#### [Task]
Your task is to copy each line of the material below that includes "CIRCLE".

------------

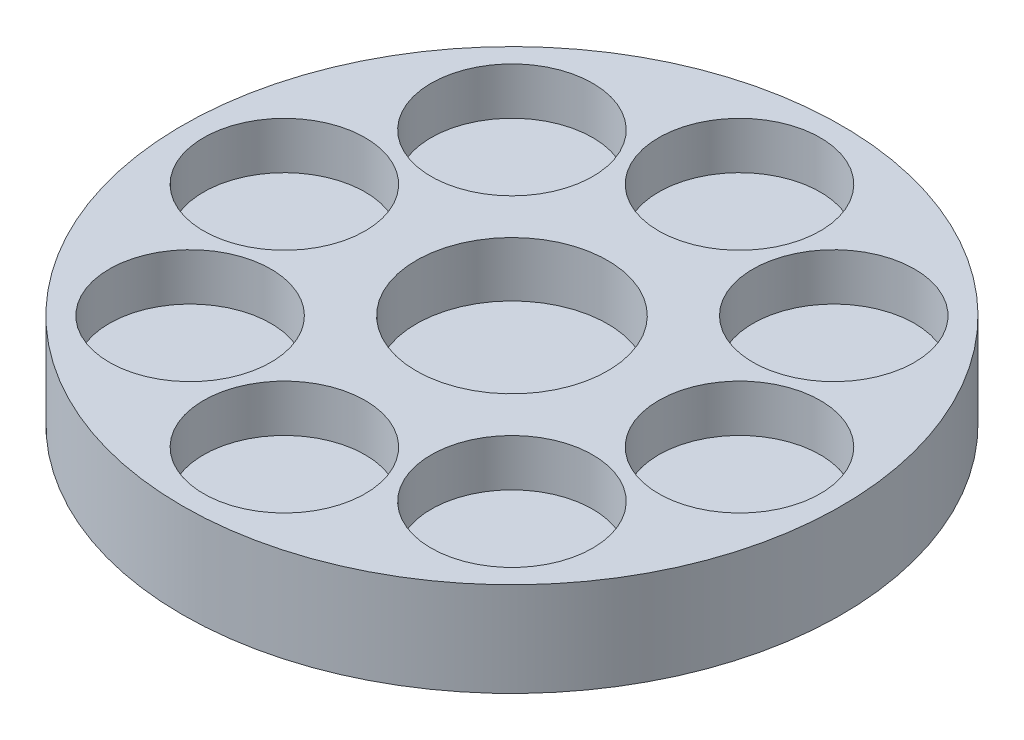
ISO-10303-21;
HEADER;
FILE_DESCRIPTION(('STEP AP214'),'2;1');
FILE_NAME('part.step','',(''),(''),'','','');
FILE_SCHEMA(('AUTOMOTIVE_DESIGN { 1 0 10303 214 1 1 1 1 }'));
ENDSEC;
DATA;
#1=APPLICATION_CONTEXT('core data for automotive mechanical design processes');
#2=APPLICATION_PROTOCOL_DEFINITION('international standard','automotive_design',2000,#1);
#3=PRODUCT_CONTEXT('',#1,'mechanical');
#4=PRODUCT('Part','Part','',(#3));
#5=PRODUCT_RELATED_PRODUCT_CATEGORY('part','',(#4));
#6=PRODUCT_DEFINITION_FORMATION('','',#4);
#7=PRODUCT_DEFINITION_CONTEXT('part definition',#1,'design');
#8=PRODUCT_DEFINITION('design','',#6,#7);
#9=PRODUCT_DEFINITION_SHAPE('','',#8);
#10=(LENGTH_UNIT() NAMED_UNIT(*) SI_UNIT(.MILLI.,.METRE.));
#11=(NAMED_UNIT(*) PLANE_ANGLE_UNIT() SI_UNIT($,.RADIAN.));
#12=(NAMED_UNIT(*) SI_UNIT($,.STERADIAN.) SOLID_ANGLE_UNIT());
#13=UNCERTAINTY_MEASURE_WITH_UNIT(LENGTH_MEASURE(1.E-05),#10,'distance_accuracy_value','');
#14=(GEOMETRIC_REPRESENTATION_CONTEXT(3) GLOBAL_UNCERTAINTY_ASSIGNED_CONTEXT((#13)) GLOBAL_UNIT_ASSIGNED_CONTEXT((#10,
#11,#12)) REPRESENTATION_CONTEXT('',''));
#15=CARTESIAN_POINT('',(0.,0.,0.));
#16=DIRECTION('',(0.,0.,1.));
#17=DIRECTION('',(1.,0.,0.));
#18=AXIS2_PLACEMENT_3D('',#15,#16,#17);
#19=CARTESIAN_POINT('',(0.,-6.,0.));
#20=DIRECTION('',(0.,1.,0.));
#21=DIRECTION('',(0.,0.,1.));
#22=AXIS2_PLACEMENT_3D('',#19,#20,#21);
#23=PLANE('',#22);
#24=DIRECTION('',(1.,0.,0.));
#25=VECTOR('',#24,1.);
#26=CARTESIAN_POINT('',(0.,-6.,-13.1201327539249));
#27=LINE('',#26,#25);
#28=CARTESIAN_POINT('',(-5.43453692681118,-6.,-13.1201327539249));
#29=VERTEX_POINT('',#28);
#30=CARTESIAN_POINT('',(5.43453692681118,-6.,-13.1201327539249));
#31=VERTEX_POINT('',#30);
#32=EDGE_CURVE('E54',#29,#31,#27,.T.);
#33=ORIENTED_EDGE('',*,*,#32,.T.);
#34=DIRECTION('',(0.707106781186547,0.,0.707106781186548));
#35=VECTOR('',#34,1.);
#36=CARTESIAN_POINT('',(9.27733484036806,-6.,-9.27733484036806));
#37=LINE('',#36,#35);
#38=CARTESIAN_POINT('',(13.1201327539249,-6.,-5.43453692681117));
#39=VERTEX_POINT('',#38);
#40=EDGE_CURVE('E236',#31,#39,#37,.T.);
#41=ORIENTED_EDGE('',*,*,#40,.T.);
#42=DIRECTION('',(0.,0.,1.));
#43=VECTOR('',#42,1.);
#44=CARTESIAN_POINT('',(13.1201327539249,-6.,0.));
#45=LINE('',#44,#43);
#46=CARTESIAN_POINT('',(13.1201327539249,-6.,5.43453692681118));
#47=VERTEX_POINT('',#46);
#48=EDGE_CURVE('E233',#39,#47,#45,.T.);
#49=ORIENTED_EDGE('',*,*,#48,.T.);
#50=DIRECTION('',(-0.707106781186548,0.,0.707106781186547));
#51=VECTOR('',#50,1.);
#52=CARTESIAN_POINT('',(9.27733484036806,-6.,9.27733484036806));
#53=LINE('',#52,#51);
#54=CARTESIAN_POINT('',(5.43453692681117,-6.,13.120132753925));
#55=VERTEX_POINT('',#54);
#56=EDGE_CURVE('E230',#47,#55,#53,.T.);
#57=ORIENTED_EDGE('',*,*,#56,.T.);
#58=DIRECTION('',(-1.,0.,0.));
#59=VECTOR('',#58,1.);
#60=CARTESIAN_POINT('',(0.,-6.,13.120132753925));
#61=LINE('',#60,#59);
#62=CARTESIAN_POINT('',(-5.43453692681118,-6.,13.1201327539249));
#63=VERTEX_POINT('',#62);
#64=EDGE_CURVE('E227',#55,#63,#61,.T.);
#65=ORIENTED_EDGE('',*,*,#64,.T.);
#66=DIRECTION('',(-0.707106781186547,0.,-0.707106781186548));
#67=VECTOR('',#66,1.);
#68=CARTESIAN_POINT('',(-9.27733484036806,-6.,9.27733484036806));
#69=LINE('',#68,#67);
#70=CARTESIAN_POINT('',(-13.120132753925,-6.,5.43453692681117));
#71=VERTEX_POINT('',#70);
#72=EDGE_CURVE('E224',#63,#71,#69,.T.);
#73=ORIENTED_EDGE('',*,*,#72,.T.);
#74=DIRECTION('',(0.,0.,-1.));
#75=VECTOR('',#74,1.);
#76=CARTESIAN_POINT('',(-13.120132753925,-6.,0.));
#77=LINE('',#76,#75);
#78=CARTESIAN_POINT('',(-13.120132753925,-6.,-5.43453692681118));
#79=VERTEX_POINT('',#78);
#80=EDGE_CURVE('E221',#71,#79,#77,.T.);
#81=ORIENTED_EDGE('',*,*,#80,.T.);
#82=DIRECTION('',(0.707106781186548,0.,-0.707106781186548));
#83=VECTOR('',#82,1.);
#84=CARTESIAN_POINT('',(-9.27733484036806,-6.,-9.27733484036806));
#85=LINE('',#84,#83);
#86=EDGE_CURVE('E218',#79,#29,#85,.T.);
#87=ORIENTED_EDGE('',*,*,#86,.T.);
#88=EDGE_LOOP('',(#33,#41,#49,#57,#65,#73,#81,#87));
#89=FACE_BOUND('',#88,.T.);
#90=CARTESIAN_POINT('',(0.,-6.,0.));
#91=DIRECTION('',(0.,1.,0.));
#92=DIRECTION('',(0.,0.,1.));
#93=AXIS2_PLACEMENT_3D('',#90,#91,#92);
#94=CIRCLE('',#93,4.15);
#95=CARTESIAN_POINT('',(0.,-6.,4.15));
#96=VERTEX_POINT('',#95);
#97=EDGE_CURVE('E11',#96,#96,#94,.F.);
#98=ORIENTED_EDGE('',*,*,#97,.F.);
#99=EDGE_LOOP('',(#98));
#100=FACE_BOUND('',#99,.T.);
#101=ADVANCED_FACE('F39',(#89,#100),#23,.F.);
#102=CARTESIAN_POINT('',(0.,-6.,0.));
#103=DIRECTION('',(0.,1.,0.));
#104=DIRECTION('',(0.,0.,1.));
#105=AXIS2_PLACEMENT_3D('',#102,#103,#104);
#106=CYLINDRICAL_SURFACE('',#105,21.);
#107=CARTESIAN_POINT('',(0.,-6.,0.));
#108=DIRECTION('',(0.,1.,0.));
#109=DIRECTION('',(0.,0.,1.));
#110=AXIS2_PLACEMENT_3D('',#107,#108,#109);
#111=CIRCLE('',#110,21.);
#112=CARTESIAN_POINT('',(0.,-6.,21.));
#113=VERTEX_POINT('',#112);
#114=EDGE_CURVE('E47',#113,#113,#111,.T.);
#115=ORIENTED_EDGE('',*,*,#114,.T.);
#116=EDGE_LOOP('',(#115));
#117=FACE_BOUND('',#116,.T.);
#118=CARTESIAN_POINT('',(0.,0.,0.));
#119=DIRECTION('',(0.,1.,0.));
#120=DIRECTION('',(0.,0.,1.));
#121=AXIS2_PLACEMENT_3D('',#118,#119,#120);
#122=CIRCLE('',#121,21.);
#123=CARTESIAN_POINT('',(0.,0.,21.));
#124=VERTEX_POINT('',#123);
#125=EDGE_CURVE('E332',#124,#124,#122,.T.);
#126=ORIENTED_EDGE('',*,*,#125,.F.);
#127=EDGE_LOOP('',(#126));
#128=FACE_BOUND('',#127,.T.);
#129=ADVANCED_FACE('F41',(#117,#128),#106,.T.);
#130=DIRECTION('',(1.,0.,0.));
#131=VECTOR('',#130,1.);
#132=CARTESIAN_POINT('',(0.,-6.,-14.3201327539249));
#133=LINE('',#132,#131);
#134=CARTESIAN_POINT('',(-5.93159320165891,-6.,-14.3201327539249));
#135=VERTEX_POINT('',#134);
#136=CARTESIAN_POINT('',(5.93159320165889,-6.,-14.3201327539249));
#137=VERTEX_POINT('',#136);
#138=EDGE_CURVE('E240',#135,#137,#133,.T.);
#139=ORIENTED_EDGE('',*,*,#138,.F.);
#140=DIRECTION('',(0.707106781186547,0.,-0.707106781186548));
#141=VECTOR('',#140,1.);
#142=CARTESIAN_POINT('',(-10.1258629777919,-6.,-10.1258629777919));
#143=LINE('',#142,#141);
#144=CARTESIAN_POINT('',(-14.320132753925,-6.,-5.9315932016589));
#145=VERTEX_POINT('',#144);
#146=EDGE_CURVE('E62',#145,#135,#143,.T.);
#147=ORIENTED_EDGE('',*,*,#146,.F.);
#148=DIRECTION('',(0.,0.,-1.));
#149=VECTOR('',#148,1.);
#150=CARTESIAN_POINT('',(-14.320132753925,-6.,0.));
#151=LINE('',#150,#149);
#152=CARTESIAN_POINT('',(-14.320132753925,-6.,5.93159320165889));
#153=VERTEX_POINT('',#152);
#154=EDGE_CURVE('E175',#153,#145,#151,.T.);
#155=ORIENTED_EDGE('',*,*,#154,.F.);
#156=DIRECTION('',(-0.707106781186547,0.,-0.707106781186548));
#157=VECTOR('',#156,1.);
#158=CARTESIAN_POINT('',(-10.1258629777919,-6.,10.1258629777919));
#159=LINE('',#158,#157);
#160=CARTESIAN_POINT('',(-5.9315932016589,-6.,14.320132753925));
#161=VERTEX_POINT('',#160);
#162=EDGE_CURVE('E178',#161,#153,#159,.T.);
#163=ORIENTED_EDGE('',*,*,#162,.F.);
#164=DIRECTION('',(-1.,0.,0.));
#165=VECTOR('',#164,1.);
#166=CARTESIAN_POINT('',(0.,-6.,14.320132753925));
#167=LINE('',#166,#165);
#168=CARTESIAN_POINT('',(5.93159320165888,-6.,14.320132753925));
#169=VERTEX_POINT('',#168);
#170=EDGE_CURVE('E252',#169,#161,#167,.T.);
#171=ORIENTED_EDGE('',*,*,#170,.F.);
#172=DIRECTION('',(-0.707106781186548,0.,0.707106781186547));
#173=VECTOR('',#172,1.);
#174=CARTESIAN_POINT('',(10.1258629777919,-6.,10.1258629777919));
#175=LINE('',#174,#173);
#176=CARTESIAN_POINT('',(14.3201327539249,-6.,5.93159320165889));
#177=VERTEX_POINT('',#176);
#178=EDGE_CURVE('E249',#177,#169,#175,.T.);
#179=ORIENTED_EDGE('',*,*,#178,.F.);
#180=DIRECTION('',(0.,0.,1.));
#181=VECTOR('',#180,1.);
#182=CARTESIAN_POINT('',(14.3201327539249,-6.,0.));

------------

#### [Written response]
#94=CIRCLE('',#93,4.15);
#111=CIRCLE('',#110,21.);
#122=CIRCLE('',#121,21.);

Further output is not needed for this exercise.